→ PROBLEM DETAILS
Go through the data below and report how many lines contain "ActiveDisplayYMaximum"; the reply holds only that number.

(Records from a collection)
[Start of section]

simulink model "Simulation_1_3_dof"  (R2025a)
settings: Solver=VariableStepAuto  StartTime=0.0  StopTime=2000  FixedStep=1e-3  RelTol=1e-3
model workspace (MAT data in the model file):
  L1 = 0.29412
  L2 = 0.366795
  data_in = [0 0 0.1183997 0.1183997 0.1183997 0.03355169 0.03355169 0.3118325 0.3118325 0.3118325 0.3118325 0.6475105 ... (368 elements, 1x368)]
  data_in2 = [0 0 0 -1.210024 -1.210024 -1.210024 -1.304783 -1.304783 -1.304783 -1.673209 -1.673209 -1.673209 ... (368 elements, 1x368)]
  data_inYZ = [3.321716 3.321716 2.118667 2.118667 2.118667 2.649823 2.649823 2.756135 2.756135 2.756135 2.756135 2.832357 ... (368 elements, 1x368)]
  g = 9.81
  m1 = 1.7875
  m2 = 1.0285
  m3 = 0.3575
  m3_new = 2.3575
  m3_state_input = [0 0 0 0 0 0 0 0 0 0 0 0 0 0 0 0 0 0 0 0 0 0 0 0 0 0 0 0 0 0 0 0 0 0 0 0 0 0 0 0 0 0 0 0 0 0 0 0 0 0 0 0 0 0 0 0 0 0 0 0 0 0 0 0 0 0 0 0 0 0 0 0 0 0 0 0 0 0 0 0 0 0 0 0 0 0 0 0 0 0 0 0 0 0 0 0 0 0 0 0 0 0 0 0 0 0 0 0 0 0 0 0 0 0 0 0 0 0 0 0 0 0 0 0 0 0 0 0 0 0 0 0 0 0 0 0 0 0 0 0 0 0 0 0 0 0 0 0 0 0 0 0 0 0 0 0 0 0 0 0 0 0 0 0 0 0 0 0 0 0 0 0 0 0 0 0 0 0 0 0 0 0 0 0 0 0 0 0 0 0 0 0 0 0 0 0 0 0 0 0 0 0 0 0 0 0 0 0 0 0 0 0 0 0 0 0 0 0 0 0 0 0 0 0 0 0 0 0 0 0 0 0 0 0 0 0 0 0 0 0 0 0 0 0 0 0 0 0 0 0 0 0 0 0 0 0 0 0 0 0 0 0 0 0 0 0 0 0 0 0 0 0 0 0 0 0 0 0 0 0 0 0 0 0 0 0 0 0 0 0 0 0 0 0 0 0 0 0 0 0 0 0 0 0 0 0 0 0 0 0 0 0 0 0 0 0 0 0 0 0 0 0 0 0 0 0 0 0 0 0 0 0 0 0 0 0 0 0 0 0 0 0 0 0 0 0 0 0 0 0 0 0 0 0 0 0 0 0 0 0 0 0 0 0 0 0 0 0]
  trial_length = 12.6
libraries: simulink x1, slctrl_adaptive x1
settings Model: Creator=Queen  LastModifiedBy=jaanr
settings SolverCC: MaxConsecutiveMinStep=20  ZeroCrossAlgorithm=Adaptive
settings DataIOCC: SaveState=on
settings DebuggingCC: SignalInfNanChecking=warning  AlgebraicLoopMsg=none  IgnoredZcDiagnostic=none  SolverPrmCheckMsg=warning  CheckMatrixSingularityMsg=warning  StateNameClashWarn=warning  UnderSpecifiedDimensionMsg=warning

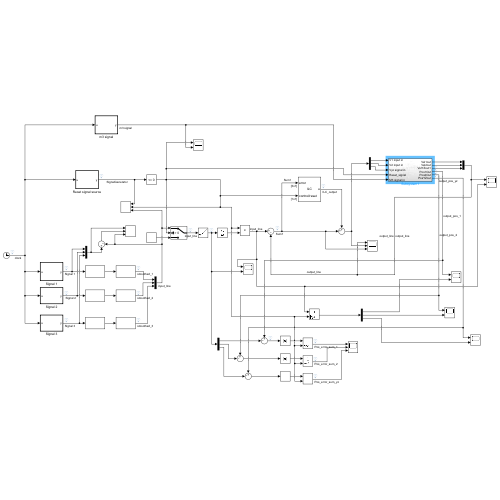
[thumbnail: Simulink's stored preview of the top-level diagram]
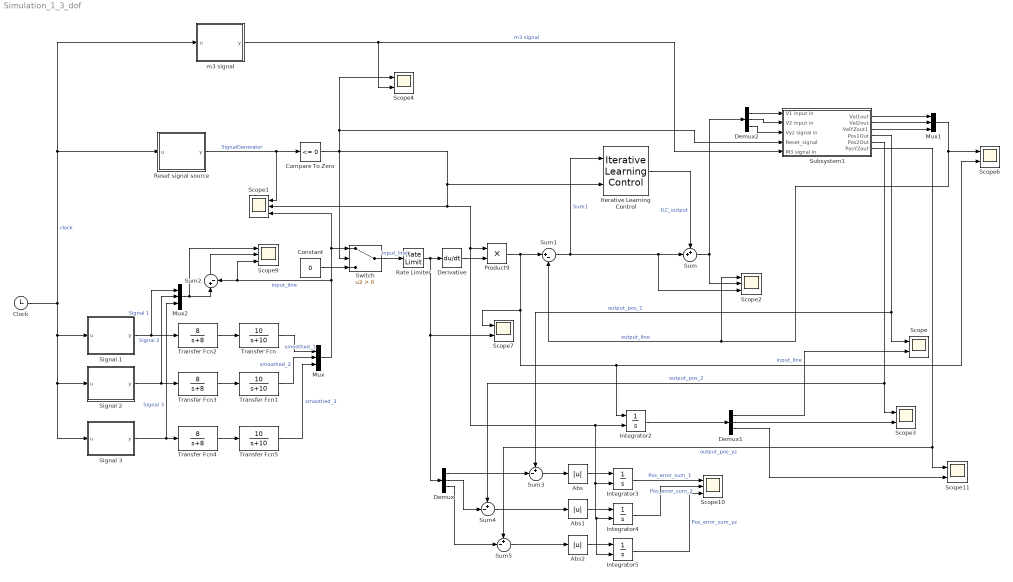
== system Simulation_1_3_dof ==
  Abs : Abs  SaturateOnIntegerOverflow=off
  Abs1 : Abs  SaturateOnIntegerOverflow=off
  Abs2 : Abs  SaturateOnIntegerOverflow=off
  Clock : Clock
  Compare To Zero : simulink/Logic and Bit Operations/Compare To Zero  relop=<=  OutDataTypeStr=boolean
  Constant : Constant  Value=0
  Demux : Demux  Outputs=3
  Demux1 : Demux  Outputs=3
  Demux2 : Demux  Outputs=3
  Derivative : Derivative
  Integrator{2..5} (4 alike) : Integrator  ExternalReset=either
  Iterative Learning Control : slctrl_adaptive/Iterative Learning Control  Ts=0.004  Tspan=trial_length  dataType=double  Algorithm=Model based ILC  gamma_p=1  gamma_d=0  ModelTimeDomain=Continuous time  A=[0 0 0; 0 0 0; 0 0 0]  B=[1 0 0; 0 1 0; 0 0 1]  C=[1 0 0; 0 1 0; 0 0 1]  ModelBasedILCType=Inverse-model based  gamma_inverse=1.9  gamma_grad=1  LPFEnable=on  tau=10
      settings: LibrarySourceBlock=slctrlblks/Adaptive Control/Iterative Learning Control
  Mux : Mux  Inputs=3
  Mux1 : Mux  Inputs=3
  Mux2 : Mux  Inputs=3
  Product9 : Product
  Rate Limiter : RateLimiter  RisingSlewLimit=100000  FallingSlewLimit=-100000  SampleTimeMode=inherited
  Reset signal source : MATLAB Function  StartFcn=const = data_in;  TreatAsAtomicUnit=on
  Scope{,3..4,6..7,11} (6 alike) : Scope  NumInputPorts=2
      Scope settings: ActiveDisplayYMinimum=-13.826115820369353  ActiveDisplayYMaximum=226.98217036515493
      Scope11 settings: ActiveDisplayYMinimum=-0.18701704840304334  ActiveDisplayYMaximum=1.1318992906932446  DataLoggingVariableName=ScopeData8
      Scope3 settings: ActiveDisplayYMinimum=-8.2804975413162367  ActiveDisplayYMaximum=200.54991353193529  DataLoggingVariableName=ScopeData3
      Scope4 settings: ActiveDisplayYMinimum=0.10884484415759765  ActiveDisplayYMaximum=4.3831313228801481
      Scope6 settings: ActiveDisplayYMinimum=-322.72558200957525  ActiveDisplayYMaximum=537.26898968089313  DataLoggingVariableName=ScopeData2
      Scope7 settings: ActiveDisplayYMinimum=-257.38444532138942  ActiveDisplayYMaximum=191.12119574725739  DataLoggingVariableName=ScopeData4
  Scope{1..2,9..10} (4 alike) : Scope  NumInputPorts=3
      Scope1 settings: ActiveDisplayYMinimum=80.127820191653512  ActiveDisplayYMaximum=87.873782524375827
      Scope10 settings: ActiveDisplayYMinimum=-1  ActiveDisplayYMaximum=1  DataLoggingVariableName=ScopeData7
      Scope2 settings: ActiveDisplayYMinimum=13.345255866197224  ActiveDisplayYMaximum=15.321548211532381  DataLoggingVariableName=ScopeData2
      Scope9 settings: ActiveDisplayYMinimum=-59.300205634382507  ActiveDisplayYMaximum=210.11663457106687  DataLoggingVariableName=ScopeData5
  Signal 1 : MATLAB Function  StartFcn=const = data_in;  TreatAsAtomicUnit=on
  Signal 2 : MATLAB Function  TreatAsAtomicUnit=on
  Signal 3 : MATLAB Function  TreatAsAtomicUnit=on
  Subsystem1 : Subsystem
  Sum : Sum  Inputs=++|
  Sum1 : Sum  Inputs=|+-
  Sum2 : Sum  Inputs=|+-
  Sum3 : Sum  Inputs=+-|
  Sum4 : Sum  Inputs=+-|
  Sum5 : Sum  Inputs=+-|
  Switch : Switch  Criteria=u2 > Threshold  SaturateOnIntegerOverflow=off  InputSameDT=off
  Transfer Fcn : TransferFcn  Numerator=[10]  Denominator=[1 10]
  Transfer Fcn1 : TransferFcn  Numerator=[10]  Denominator=[1 10]
  Transfer Fcn2 : TransferFcn  Numerator=[8]  Denominator=[1 8]
  Transfer Fcn3 : TransferFcn  Numerator=[8]  Denominator=[1 8]
  Transfer Fcn4 : TransferFcn  Numerator=[8]  Denominator=[1 8]
  Transfer Fcn5 : TransferFcn  Numerator=[10]  Denominator=[1 10]
  m3 signal : MATLAB Function  StartFcn=const = data_in;  TreatAsAtomicUnit=on
  wires:
  Constant/1 -> Switch/3
  Reset signal source/1(y) -> Scope1/1, Compare To Zero/1  "SignalGenerator"
  Compare To Zero/1 -> Integrator5/2, Integrator4/2, Integrator3/2, Integrator2/2, Product9/1, Scope1/2, Iterative Learning Control/2, Subsystem1/4(Reset_signal), Scope4/1, Switch/2
  Product9/1 -> Integrator2/1, Scope6/2, Scope7/1, Sum1/1  "input_line"
  Sum1/1 -> Sum/2, Scope2/3, Iterative Learning Control/1  "Sum1"
  Sum/1 -> Scope2/2, Demux2/1
  Mux1/1 -> Sum1/2, Scope2/1, Scope6/1  "output_line"
  Clock/1 -> m3 signal/1(u), Reset signal source/1(u), Signal 3/1(u), Signal 2/1(u), Signal 1/1(u)  "clock"
  Subsystem1/4(Pos1Out) -> Scope/1, Sum3/1  "output_pos_1"
  Subsystem1/5(Pos2Out) -> Sum4/1, Scope3/1  "output_pos_2"
  Demux1/1 -> Scope/2
  Demux1/2 -> Scope3/2
  Signal 2/1(y) -> Transfer Fcn3/1, Mux2/2  "Signal 2"
  Subsystem1/1(Vel1out) -> Mux1/1
  Subsystem1/2(Vel2out) -> Mux1/2
  Demux2/1 -> Subsystem1/1(V1 input in)
  Demux2/2 -> Subsystem1/2(V2 input in)
  Iterative Learning Control/1 -> Sum/1  "ILC_output"
  Integrator2/1 -> Demux1/1
  Switch/1 -> Rate Limiter/1  "input_line"
  Derivative/1 -> Product9/2
  Rate Limiter/1 -> Derivative/1, Demux/1, Scope7/2
  Signal 1/1(y) -> Transfer Fcn2/1, Mux2/1  "Signal 1"
  Mux/1 -> Scope9/3, Sum2/2, Scope1/3, Switch/1  "input_line"
  Transfer Fcn/1 -> Mux/1  "smoothed_1"
  Transfer Fcn1/1 -> Mux/2  "smoothed_2"
  Mux2/1 -> Sum2/1, Scope9/1
  Sum2/1 -> Scope9/2
  Transfer Fcn2/1 -> Transfer Fcn/1
  Transfer Fcn3/1 -> Transfer Fcn1/1
  m3 signal/1(y) -> Scope4/2, Subsystem1/5(M3 signal in)  "m3 signal"
  Demux/1 -> Sum3/2
  Demux/2 -> Sum4/2
  Sum3/1 -> Abs/1
  Sum4/1 -> Abs1/1
  Integrator3/1 -> Scope10/1  "Pos_error_sum_1"
  Integrator4/1 -> Scope10/2  "Pos_error_sum_2"
  Abs/1 -> Integrator3/1
  Abs1/1 -> Integrator4/1
  Signal 3/1(y) -> Transfer Fcn4/1, Mux2/3  "Signal 3"
  Transfer Fcn4/1 -> Transfer Fcn5/1
  Transfer Fcn5/1 -> Mux/3  "smoothed_3"
  Demux/3 -> Sum5/2
  Subsystem1/3(VelYZout1) -> Mux1/3
  Demux1/3 -> Scope11/2
  Subsystem1/6(PosYZout) -> Sum5/1, Scope11/1  "output_pos_yz"
  Sum5/1 -> Abs2/1
  Abs2/1 -> Integrator5/1
  Integrator5/1 -> Scope10/3  "Pos_error_sum_yz"
  Demux2/3 -> Subsystem1/3(Vyz signal in)

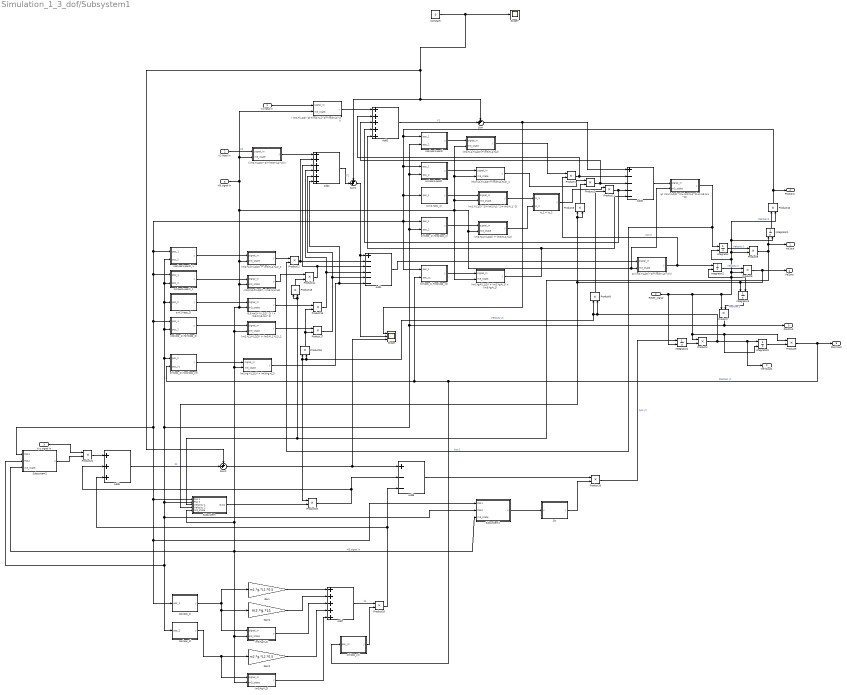
== system Simulation_1_3_dof/Subsystem1 ==
  V1 input in : Inport
  V2 input in : Inport  Port=2
  Vyz signal in : Inport  Port=3
  Reset_signal : Inport  Port=4
  M3 signal in : Inport  Port=5
  ( (m1.*(L1/2)^2)+(m2.*L1^2)+(m3.*L1^2)) : MATLAB Function  TreatAsAtomicUnit=on
  ((m2.*(L2/2)^2)+(m3.*(L2^2))) : MATLAB Function  TreatAsAtomicUnit=on
  (0.5.*m2.* ((L2/2)^2) ) + (0.5.*m3.*L2^2) : MATLAB Function  TreatAsAtomicUnit=on
  (m1.*(L1/2)^2)+(m2.*L1^2)+(m3.*L1^2) : MATLAB Function  TreatAsAtomicUnit=on
  (m1.*g.*(L1/2)) + (m2.*g.*L1) + (m3.*g.*L1) : MATLAB Function  TreatAsAtomicUnit=on
  (m2.*L1.*(L2/2)) + (m3.*L1.*L2) : MATLAB Function  TreatAsAtomicUnit=on
  (m2.*L1.*(L2/2)) + (m3.*L1.*L2)_1 : MATLAB Function  TreatAsAtomicUnit=on
  (m2.*L1.*(L2/2)) + (m3.*L1.*L2)_2 : MATLAB Function  TreatAsAtomicUnit=on
  (m2.*L1.*(L2/2))+(m3.*L1.*L2) : MATLAB Function  TreatAsAtomicUnit=on
  (m2.*L1.*(L2/2))+(m3.*L1.*L2)_1 : MATLAB Function  TreatAsAtomicUnit=on
  (m2.*g.*(L2/2)) + (m3.*g.*L2) : MATLAB Function  TreatAsAtomicUnit=on
  (m3.*g.*L1) : MATLAB Function  TreatAsAtomicUnit=on
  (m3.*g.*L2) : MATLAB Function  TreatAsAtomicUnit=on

[End of section]

→ RESULT OF THIS TASK
10